ML vs AML – Part II

ML vs AML – Part II

Part II: Design choice considerations in ML models for AML

The use of machine learning in anti-money laundering – especially transaction monitoring – is catching the eye of financial executives the world over. Read on to know more:

As banks gradually move towards a nontraditional ML approach to transaction monitoring in their anti-money laundering approaches, certain key questions need to be addressed – the central of which is to understand in what exact circumstances it can be used in the first place and where it would prove to be the most effective. An excerpt from McKinsey & Co. reads:

“Machine learning is certainly advantageous when there is a high degree of freedom in choosing data attributes, as well as sufficient availability of quality data (for example, in scenarios where there is a rapid movement of funds and a large number of attributes can be considered). ML is also appropriate when it becomes difficult to identify the dynamics and relationships between risk factors.

However, ML is not useful when there is not enough existing data to build forward-looking intelligence. In these cases, a traditional approach (rule- and scenario-based tools, for instance) could be more effective.”

The Need for Additional Data Sources

When working with reports of suspicious activity, poor data quality will inevitably lead to poor model performance. It is essential, for example, not to be too dependent on suspicious-activity -report categories such as fraud, money laundering, structuring or terrorist financing, which are usually rather limited data sets without much recorded data-heavy precedence. Keeping this in mind, institutions today are exploring a range of other data sources for their models to provide a more enriched context to money laundering.

Such unstructured data would include aspects such as modelling against individual cases or transactions, components of suspicious activity reports and client relationships terminated for AML, historical data from subpoenas and other legal enforcement requests.

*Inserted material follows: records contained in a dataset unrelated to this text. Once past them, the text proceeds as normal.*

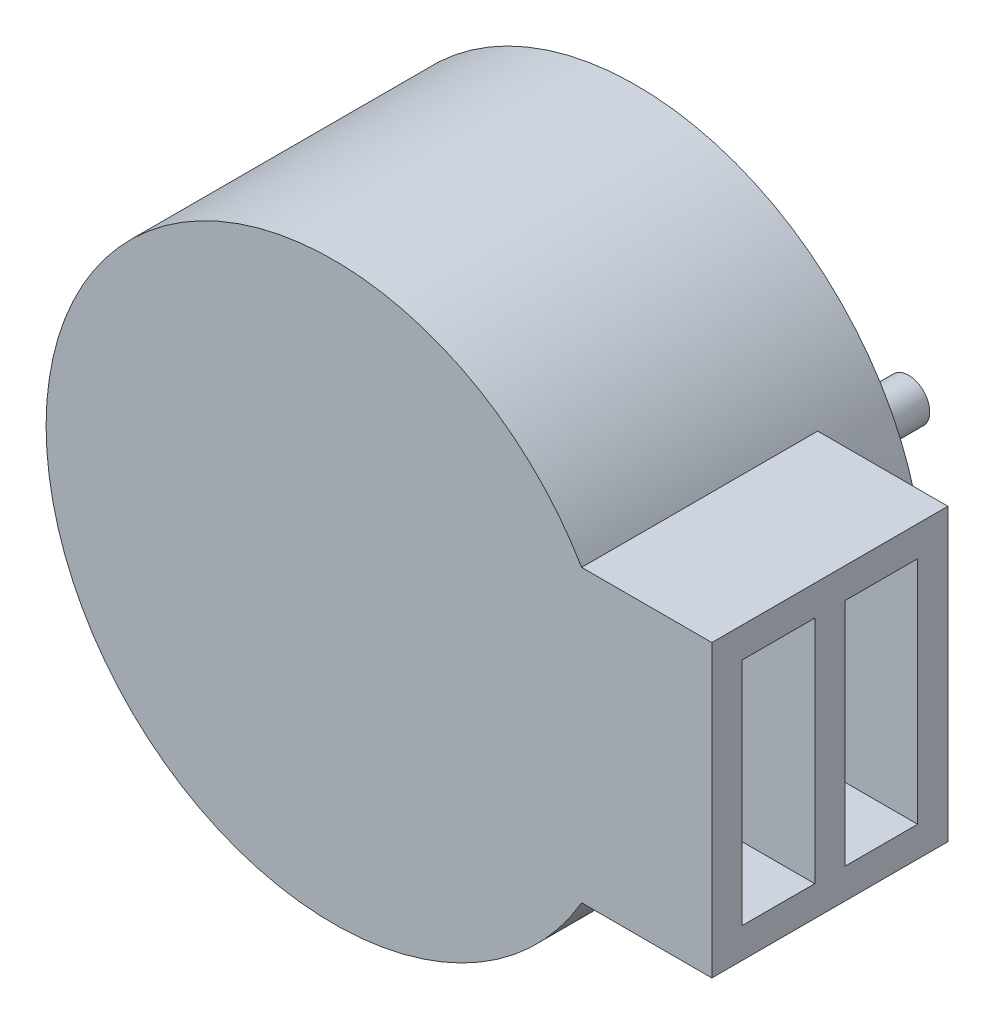
from build123d import *

# Parameters (mm, degrees)
BOSS_EXTRUDE1_DEPTH = 5
CUT_EXTRUDE1_DEPTH  = 1.1
SKETCH3_W           = 1.2
SKETCH3_H           = 3.8
CUT_EXTRUDE2_DEPTH  = 4
SKETCH4_R           = 0.35
BOSS_EXTRUDE2_DEPTH = 2.5


with BuildPart() as part:
    # Sketch1 → Boss-Extrude1 (new body)
    with BuildSketch(Plane.XY):
        with BuildLine():
            Line((4.099085264, 2.4), (6.25, 2.4))
            Line((6.25, 2.4), (6.25, -2.4))
            Line((6.25, -2.4), (4.099085264, -2.4))
            ThreePointArc((4.099085264, -2.4), (-4.75, 0), (4.099085264, 2.4))
        make_face()
    extrude(amount=BOSS_EXTRUDE1_DEPTH)

    # Sketch2 → Cut-Extrude1 (cut)
    with BuildSketch(Plane(origin=(0, 0, 0), x_dir=(-1, 0, 0), z_dir=(0, 0, -1))):
        with BuildLine():
            Line((-4.099085264, -2.4), (-6.25, -2.4))
            Line((-6.25, -2.4), (-6.25, 2.4))
            Line((-6.25, 2.4), (-4.099085264, 2.4))
            ThreePointArc((-4.099085264, 2.4), (-4.75, 0), (-4.099085264, -2.4))
        make_face()
    extrude(amount=-CUT_EXTRUDE1_DEPTH, mode=Mode.SUBTRACT)

    # Sketch3 → Cut-Extrude2 (cut)
    with BuildSketch(Plane(origin=(6.25, 0, 0), x_dir=(0, 0, -1), z_dir=(1, 0, 0))):
        with Locations((-3.9, 0)):
            Rectangle(SKETCH3_W, SKETCH3_H)
        with Locations((-2.2, 0)):
            Rectangle(SKETCH3_W, SKETCH3_H)
    extrude(amount=-CUT_EXTRUDE2_DEPTH, mode=Mode.SUBTRACT)

    # Sketch4 → Boss-Extrude2 (add)
    with BuildSketch(Plane(origin=(0, 0, 0), x_dir=(-1, 0, 0), z_dir=(0, 0, -1))):
        with Locations((-2, 0)):
            Circle(SKETCH4_R)
        with Locations(Location((2, 0, 0), (0, 0, 180))):
            Circle(SKETCH4_R)
    extrude(amount=BOSS_EXTRUDE2_DEPTH)


solid = part.part

More complex machine learning models can incorporate a wide range of new variables and elements, such as:

  • More comprehensive product data – granular product type and usage
  • More granular channel data – channels for different products
  • External data sources – bureau data, financial-crime registries
  • Risk indicators across risk types – business geographies, etc.
  • Enhanced client data – nature of business, client type etc.
Source: McKinsey & Co.

Model servicing

Since machine learning models are traditionally less transparent than rule-based ones, regulators and firms’ internal model risk management (MRM) teams often demand greater model explainability, i.e. more open methods of interpreting ‘black box’ ML models, which develop and learn directly from data without human intervention. Research from McKinsey has found:

“At leading institutions, model development teams are working with AML investigators to help ensure that the teams understand the modelling data, create interpretable modelling features rather than a data dump, and integrate ML modules with existing rule- and scenario-based models and tools (that is, the transition process should leverage the existing platform, thus improving the status quo and not dismantling it entirely).”

This isn’t enough, however. There need to be specific AML-specific model guidelines. Some of the aspects to consider in thai regard include the following:

  • Ongoing monitoring: Banks must conduct frequent below-the-line testing to help monitor model performance.

US-based Zencos writes, “below-the-line testing is a method of relaxing the threshold value you currently have your scenario running with in order to generate alerts so you can make sure you aren’t missing some true positives, or to make sure that your threshold isn’t unnecessarily low and you are generating false positives.”

  • Out-of-time samples: Banks must reserve sufficient testing bandwidth to ensure models are tested and checked frequently.